■ **Exercise goal**: Repeat the lines below exactly as written, please, from the line with "circle A0 centre (0, 15) radius 1.1" to the line with "8.6, 0) normal", both lines included, and no others.

[Data excerpts]
◆ ◆ ◆ ◆ ◆ ◆ ◆
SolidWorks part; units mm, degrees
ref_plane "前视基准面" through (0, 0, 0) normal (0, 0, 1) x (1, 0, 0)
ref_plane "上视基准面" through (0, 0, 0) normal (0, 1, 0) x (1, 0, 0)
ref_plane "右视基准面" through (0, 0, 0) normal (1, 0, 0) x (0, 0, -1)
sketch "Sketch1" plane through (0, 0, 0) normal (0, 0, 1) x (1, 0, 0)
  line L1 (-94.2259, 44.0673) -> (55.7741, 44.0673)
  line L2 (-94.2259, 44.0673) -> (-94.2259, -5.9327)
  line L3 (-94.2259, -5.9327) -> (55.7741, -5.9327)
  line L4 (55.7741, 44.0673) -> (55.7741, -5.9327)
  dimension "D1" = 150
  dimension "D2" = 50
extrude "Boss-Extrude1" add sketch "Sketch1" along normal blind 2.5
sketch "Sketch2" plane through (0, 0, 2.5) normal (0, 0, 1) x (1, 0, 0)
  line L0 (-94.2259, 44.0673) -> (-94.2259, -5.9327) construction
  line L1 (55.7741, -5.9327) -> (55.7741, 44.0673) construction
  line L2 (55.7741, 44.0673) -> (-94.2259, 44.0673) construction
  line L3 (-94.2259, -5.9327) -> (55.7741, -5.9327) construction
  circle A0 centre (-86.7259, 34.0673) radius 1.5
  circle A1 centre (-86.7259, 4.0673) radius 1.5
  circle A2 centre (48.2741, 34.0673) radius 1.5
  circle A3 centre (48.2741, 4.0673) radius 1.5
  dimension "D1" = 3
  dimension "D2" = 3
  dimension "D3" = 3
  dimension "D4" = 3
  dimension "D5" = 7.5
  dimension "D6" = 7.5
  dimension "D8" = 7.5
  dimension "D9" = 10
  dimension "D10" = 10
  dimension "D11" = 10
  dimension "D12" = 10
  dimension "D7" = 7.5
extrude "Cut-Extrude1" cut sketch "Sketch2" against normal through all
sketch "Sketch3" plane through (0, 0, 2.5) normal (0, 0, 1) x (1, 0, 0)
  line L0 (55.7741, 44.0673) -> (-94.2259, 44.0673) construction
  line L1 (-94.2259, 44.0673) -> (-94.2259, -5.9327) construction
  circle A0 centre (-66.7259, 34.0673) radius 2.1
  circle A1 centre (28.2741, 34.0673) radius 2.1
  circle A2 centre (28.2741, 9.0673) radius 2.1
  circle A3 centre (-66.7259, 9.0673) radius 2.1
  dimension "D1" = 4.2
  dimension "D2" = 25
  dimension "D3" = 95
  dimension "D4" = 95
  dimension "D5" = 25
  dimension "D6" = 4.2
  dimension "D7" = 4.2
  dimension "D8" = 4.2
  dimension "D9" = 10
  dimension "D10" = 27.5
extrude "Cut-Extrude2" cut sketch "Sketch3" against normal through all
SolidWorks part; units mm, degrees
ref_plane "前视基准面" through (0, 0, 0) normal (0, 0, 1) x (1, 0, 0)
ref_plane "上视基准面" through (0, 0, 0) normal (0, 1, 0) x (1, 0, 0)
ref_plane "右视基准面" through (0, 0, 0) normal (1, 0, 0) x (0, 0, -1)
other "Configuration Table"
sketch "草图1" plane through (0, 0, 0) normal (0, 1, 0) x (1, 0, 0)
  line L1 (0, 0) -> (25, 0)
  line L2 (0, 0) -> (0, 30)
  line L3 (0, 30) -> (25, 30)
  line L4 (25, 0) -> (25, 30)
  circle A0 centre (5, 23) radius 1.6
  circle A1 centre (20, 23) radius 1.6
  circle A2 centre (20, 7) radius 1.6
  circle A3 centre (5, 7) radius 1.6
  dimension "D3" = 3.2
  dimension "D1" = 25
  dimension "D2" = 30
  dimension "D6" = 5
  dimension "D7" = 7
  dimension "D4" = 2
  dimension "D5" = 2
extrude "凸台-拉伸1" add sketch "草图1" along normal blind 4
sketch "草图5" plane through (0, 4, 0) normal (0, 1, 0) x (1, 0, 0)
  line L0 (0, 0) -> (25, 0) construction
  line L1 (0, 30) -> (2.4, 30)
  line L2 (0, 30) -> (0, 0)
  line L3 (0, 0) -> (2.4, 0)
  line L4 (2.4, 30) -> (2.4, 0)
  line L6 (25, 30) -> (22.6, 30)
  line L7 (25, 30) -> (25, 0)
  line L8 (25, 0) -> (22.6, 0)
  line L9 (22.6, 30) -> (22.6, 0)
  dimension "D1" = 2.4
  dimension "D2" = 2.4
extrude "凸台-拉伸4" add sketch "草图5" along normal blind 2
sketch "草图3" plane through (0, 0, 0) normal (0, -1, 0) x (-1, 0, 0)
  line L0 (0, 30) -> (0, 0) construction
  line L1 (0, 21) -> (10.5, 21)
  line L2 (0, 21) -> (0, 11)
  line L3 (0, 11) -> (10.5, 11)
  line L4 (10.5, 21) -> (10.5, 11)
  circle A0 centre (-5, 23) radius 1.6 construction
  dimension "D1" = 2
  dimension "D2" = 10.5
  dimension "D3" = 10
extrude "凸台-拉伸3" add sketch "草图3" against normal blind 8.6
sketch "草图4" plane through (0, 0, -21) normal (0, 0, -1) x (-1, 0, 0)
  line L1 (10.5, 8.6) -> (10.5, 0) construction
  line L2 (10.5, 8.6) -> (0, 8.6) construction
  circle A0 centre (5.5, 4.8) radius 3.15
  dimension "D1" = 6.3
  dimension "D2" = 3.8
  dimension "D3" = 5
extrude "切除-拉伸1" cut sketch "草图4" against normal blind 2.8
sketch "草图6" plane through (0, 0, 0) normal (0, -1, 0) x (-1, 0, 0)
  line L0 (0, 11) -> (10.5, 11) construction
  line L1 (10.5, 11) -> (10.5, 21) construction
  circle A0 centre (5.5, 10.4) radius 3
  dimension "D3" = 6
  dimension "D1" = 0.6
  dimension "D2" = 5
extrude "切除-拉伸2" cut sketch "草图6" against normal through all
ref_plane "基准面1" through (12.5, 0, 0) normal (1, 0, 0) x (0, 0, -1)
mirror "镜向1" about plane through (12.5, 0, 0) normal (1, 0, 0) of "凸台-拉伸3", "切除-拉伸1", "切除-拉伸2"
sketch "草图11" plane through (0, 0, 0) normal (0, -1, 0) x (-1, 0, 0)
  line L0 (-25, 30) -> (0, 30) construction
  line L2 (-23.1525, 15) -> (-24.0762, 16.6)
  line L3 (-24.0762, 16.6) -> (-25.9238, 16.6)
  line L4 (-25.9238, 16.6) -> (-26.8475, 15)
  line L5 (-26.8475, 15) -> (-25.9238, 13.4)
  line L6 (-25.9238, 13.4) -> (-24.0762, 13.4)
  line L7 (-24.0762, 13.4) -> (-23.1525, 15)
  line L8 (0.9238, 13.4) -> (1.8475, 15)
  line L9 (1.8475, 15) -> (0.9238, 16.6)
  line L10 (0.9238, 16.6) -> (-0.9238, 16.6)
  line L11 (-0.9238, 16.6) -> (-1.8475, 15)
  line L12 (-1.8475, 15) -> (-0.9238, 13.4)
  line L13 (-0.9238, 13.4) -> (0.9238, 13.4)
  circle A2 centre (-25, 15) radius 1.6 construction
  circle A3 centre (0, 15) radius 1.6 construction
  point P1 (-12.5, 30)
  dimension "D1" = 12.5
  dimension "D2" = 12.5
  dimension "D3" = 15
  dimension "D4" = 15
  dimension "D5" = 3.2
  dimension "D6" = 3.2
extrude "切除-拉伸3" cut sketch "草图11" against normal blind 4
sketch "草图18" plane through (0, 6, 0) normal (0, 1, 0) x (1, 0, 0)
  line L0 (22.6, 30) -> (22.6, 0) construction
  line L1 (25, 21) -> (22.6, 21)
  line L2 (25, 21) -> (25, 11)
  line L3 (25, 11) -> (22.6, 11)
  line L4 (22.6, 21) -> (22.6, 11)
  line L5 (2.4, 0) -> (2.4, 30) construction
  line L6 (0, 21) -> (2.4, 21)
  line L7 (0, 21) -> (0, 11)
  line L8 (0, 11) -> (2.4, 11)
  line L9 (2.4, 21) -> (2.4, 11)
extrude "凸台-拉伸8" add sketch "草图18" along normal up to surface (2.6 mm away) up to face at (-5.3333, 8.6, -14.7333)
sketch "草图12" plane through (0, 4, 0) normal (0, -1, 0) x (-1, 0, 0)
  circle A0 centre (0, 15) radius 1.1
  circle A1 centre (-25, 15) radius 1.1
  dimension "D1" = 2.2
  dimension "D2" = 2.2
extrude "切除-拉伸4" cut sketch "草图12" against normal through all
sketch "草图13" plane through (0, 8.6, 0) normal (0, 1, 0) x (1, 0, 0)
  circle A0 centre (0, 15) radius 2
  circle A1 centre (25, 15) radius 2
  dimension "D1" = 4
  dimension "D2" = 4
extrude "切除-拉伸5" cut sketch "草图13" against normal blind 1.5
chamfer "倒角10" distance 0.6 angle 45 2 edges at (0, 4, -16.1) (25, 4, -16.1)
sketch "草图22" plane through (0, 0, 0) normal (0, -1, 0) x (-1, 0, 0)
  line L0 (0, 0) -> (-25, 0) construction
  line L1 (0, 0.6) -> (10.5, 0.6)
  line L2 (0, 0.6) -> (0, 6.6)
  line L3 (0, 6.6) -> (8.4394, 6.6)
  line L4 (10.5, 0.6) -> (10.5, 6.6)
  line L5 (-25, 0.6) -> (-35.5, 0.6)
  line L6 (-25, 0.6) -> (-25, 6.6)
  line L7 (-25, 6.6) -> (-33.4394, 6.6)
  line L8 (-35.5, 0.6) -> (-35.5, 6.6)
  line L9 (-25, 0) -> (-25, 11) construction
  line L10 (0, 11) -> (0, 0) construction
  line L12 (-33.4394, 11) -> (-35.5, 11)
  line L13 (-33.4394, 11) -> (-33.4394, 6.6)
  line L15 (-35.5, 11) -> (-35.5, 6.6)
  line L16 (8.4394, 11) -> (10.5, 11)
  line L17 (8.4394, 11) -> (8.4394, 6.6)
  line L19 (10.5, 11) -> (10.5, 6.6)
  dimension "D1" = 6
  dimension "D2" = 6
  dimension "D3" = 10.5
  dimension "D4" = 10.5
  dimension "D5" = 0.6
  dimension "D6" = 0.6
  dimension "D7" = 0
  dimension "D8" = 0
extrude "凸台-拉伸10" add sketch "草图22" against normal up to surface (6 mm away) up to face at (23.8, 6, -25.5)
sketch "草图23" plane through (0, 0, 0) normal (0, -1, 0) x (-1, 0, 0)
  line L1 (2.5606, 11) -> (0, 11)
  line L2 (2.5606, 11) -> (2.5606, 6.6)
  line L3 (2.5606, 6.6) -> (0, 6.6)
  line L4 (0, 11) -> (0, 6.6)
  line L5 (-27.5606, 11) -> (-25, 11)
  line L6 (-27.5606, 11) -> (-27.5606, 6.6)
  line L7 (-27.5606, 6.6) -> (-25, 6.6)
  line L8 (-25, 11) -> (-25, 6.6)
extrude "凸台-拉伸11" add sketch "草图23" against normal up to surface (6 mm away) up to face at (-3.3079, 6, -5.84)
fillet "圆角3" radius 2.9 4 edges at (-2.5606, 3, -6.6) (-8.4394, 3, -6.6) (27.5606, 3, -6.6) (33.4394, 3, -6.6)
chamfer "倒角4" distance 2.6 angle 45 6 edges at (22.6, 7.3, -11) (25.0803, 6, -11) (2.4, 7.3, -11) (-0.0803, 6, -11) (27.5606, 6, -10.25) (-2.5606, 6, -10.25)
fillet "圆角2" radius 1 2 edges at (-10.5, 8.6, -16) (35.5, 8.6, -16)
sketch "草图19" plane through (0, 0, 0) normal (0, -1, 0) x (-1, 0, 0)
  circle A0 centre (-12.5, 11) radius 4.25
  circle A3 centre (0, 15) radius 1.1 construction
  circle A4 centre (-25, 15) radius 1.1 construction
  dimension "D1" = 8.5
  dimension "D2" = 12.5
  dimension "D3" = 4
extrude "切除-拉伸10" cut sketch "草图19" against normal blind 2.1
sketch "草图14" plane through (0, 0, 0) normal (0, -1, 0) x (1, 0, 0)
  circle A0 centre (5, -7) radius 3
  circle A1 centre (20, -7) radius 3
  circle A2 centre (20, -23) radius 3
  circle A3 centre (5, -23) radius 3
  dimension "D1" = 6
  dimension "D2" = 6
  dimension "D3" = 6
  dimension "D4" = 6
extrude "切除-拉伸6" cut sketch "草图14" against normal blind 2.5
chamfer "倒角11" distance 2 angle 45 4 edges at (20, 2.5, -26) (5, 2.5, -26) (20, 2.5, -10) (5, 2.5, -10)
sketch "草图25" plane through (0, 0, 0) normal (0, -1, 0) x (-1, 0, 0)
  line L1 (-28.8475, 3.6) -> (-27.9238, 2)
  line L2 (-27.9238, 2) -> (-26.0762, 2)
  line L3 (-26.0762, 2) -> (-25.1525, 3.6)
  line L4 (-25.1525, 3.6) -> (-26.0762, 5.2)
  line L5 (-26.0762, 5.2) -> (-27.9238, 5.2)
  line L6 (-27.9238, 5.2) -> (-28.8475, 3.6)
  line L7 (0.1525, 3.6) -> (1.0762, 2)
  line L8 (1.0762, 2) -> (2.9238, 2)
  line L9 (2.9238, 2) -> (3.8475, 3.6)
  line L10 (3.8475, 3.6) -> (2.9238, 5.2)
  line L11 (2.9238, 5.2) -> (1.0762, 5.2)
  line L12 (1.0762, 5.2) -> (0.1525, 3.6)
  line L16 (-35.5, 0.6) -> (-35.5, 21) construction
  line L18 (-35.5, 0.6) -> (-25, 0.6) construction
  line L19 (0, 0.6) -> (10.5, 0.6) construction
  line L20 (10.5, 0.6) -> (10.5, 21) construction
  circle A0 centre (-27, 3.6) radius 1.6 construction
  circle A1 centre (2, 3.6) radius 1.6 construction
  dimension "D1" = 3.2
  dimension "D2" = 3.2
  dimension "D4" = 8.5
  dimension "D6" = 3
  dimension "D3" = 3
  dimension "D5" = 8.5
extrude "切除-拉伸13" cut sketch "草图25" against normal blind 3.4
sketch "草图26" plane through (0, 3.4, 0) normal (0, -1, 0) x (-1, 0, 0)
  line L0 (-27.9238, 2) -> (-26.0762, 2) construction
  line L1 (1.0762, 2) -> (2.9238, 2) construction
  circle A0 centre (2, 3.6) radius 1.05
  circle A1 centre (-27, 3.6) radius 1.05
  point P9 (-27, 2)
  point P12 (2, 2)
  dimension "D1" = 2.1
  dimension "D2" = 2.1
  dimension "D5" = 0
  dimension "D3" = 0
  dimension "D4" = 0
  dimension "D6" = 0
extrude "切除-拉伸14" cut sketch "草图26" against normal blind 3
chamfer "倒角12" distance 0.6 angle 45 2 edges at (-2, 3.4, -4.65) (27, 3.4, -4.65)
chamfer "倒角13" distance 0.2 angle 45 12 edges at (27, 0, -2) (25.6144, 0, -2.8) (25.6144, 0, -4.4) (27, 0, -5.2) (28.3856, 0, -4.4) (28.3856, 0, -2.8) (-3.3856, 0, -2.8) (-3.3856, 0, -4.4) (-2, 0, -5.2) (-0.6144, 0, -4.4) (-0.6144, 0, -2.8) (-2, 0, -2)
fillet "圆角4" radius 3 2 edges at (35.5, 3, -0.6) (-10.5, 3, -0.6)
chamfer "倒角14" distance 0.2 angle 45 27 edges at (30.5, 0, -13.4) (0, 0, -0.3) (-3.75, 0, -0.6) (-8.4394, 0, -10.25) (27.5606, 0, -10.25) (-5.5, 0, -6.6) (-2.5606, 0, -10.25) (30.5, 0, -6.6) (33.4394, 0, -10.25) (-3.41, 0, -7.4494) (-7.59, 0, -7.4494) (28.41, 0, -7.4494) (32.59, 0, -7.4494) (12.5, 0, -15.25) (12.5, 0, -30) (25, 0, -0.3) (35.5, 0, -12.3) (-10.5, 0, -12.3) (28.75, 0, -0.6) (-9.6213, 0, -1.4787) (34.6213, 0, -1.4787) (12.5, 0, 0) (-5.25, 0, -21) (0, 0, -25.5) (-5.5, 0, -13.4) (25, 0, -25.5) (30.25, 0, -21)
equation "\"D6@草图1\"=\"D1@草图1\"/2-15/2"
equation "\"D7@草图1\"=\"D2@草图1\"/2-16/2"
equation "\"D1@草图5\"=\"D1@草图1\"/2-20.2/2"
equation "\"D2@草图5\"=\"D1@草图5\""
◆ ◆ ◆ ◆ ◆ ◆ ◆
■ **Solved problem**:
  circle A0 centre (0, 15) radius 1.1
  circle A1 centre (-25, 15) radius 1.1
  dimension "D1" = 2.2
  dimension "D2" = 2.2
extrude "切除-拉伸4" cut sketch "草图12" against normal through all
sketch "草图13" plane through (0, 8.6, 0) normal (0, 1, 0) x (1, 0, 0)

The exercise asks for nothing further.